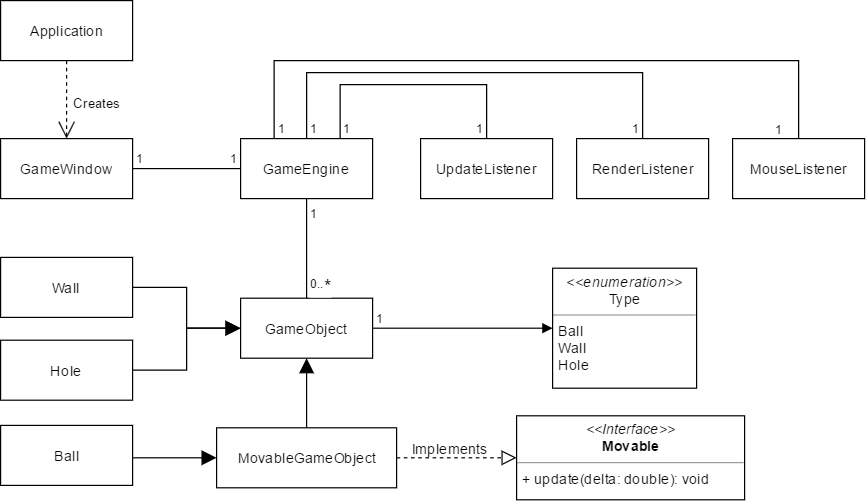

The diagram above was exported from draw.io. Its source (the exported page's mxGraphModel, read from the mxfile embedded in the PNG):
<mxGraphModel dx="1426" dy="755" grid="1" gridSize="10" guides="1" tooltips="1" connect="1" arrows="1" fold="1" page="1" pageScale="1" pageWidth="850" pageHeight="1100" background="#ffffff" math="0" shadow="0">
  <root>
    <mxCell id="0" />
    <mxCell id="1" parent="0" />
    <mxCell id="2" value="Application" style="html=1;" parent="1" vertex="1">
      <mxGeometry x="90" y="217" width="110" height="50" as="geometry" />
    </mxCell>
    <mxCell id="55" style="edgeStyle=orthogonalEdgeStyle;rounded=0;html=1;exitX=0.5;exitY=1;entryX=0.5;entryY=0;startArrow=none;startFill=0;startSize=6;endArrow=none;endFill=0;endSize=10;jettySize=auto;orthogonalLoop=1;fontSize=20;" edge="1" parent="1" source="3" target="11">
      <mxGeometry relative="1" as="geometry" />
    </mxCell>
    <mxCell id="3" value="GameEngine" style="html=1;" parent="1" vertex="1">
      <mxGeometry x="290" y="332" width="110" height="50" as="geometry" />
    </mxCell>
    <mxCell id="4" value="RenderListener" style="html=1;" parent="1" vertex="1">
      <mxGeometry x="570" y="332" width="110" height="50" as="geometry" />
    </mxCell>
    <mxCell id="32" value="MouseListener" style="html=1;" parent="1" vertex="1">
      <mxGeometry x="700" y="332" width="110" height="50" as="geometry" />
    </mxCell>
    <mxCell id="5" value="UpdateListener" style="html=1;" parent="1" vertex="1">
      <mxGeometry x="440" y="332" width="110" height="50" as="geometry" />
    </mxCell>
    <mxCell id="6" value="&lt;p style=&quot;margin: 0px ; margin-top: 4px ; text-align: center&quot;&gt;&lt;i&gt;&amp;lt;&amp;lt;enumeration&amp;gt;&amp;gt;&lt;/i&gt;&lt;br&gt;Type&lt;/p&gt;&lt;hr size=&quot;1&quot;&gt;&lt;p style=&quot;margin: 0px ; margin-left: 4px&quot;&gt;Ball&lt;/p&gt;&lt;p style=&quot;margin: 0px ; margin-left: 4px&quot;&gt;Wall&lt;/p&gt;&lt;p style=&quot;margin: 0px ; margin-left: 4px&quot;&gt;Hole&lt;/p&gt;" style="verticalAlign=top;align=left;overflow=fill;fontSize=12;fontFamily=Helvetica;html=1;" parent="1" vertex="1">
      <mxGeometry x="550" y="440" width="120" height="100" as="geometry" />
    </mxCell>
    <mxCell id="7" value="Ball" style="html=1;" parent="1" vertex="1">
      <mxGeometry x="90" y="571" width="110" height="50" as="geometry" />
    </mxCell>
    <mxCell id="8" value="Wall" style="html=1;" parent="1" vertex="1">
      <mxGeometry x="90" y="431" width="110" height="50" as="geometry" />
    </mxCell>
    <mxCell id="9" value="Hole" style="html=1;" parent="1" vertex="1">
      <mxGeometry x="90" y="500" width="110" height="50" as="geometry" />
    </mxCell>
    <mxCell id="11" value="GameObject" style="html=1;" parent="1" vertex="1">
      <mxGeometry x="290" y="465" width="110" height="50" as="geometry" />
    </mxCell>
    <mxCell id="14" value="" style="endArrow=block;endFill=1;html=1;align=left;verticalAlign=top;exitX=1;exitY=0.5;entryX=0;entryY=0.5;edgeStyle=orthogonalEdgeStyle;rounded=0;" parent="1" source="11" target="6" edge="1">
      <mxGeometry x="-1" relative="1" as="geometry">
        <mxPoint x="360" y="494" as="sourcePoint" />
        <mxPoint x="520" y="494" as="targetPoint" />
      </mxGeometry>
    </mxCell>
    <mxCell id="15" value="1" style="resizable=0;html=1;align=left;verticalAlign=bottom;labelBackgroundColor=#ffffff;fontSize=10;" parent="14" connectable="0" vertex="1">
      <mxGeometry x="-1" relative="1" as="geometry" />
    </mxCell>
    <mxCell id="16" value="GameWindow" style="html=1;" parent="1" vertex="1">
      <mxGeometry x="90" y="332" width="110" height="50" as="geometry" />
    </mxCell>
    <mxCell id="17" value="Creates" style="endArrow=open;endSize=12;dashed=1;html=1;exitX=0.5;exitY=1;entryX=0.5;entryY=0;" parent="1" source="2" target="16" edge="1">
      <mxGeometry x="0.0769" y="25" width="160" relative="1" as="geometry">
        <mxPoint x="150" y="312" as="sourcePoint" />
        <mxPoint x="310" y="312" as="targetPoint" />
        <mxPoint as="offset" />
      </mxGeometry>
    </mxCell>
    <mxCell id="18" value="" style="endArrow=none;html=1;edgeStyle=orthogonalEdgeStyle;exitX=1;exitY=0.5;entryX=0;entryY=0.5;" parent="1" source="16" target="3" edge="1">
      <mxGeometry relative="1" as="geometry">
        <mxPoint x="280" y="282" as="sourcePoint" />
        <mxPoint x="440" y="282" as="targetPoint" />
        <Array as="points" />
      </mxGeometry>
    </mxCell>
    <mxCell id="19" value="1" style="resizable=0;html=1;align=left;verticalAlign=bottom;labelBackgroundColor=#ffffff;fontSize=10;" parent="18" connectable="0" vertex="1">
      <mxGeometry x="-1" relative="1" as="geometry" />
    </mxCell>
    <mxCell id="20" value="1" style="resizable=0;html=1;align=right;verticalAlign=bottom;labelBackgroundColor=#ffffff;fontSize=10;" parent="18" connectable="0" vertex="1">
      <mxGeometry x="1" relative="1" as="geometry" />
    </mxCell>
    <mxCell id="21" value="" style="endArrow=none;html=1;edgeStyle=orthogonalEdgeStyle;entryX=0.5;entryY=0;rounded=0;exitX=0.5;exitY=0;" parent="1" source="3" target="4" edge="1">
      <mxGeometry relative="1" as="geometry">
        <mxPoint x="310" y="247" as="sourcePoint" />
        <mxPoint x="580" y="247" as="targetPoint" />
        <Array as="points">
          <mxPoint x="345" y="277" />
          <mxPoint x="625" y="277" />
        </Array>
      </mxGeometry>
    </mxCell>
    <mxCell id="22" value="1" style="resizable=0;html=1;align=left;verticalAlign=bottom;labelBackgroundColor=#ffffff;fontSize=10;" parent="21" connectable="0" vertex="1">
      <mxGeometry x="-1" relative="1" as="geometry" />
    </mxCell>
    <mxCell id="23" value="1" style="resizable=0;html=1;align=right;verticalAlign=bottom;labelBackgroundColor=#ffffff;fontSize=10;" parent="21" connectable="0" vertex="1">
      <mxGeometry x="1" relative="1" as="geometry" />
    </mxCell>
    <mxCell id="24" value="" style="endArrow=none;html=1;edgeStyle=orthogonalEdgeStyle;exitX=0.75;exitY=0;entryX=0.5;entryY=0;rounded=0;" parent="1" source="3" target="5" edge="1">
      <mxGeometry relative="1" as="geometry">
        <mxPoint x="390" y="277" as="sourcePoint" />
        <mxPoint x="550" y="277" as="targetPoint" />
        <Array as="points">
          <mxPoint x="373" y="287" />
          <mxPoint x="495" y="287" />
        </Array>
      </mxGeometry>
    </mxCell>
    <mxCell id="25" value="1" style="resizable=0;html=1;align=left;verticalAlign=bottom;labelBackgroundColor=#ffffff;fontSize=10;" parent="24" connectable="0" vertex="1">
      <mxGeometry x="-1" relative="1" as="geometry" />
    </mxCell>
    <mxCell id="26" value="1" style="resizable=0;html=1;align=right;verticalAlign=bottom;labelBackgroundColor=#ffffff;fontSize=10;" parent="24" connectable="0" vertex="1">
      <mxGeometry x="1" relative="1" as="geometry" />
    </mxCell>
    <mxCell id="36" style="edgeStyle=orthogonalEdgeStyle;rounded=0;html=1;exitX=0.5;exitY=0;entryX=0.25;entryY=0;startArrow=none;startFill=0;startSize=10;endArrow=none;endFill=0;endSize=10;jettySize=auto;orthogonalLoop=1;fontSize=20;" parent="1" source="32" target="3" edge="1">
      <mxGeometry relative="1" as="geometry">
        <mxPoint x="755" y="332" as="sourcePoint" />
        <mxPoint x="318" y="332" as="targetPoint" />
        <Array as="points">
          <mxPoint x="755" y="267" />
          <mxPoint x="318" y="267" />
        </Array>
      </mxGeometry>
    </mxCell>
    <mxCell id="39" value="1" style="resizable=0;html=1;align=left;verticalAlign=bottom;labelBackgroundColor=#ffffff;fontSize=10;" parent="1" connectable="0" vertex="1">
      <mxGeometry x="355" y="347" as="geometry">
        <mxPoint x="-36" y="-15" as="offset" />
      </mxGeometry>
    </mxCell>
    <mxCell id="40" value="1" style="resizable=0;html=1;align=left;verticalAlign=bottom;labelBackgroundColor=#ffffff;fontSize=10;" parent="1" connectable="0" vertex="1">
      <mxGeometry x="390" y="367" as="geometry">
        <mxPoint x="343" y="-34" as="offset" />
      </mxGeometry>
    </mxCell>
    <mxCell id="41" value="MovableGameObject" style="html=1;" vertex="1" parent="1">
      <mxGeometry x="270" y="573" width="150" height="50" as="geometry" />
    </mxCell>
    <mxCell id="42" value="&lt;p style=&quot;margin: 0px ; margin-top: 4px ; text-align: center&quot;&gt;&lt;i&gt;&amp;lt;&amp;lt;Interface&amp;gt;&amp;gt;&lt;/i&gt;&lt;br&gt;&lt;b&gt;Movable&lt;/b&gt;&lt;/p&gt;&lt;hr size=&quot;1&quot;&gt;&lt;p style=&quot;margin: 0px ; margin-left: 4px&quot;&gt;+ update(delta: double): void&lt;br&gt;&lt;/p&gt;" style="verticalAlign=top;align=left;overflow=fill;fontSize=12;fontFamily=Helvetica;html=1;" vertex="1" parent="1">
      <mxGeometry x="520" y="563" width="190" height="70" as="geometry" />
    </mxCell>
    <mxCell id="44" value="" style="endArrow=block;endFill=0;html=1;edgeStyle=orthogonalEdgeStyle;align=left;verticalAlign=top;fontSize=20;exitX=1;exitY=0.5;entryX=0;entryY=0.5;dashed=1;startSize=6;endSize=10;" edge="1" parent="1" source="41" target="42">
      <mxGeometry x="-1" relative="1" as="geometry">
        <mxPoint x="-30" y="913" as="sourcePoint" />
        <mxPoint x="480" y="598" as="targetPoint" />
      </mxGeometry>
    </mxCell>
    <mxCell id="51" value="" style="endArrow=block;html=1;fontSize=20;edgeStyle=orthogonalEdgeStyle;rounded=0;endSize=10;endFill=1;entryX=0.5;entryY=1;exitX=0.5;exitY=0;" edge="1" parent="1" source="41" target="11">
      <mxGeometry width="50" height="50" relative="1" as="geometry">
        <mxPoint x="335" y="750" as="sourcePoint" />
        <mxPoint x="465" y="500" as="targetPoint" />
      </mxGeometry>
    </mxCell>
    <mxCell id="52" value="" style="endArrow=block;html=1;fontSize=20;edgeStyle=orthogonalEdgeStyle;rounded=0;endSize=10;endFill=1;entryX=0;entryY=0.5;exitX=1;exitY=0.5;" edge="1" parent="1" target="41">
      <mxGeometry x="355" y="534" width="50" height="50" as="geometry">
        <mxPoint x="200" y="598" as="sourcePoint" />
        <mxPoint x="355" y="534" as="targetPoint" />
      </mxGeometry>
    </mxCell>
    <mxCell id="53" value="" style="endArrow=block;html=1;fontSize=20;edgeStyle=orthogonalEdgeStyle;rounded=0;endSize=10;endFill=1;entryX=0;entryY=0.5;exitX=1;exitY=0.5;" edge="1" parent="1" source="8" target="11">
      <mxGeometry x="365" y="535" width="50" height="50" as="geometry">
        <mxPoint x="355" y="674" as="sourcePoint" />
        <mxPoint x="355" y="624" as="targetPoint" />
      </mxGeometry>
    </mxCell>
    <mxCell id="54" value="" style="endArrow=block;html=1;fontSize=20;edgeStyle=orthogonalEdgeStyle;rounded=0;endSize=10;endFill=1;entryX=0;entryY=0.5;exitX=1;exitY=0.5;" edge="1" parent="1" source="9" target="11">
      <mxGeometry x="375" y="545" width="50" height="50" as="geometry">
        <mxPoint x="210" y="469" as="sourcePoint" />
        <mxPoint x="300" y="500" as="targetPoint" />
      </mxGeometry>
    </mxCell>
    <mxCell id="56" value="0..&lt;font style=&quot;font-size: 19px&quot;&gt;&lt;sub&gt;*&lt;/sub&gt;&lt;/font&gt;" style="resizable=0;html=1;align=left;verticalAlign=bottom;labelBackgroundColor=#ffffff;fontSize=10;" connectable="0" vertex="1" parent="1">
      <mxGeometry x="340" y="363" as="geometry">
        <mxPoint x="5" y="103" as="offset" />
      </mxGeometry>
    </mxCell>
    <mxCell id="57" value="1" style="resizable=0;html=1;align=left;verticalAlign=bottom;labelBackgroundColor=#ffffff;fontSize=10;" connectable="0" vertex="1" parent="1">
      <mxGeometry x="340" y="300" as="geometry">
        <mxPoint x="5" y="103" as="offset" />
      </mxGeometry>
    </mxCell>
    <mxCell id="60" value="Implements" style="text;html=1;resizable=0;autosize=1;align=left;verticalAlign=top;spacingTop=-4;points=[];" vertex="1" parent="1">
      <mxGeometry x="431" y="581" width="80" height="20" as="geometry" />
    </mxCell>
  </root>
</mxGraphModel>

**WHAT YOU SHOULD DO**
For the listing above, identify each line bearing "mxGraphModel".

**TASK RESPONSE**
The diagram above was exported from draw.io. Its source (the exported page's mxGraphModel, read from the mxfile embedded in the PNG):
<mxGraphModel dx="1426" dy="755" grid="1" gridSize="10" guides="1" tooltips="1" connect="1" arrows="1" fold="1" page="1" pageScale="1" pageWidth="850" pageHeight="1100" background="#ffffff" math="0" shadow="0">
</mxGraphModel>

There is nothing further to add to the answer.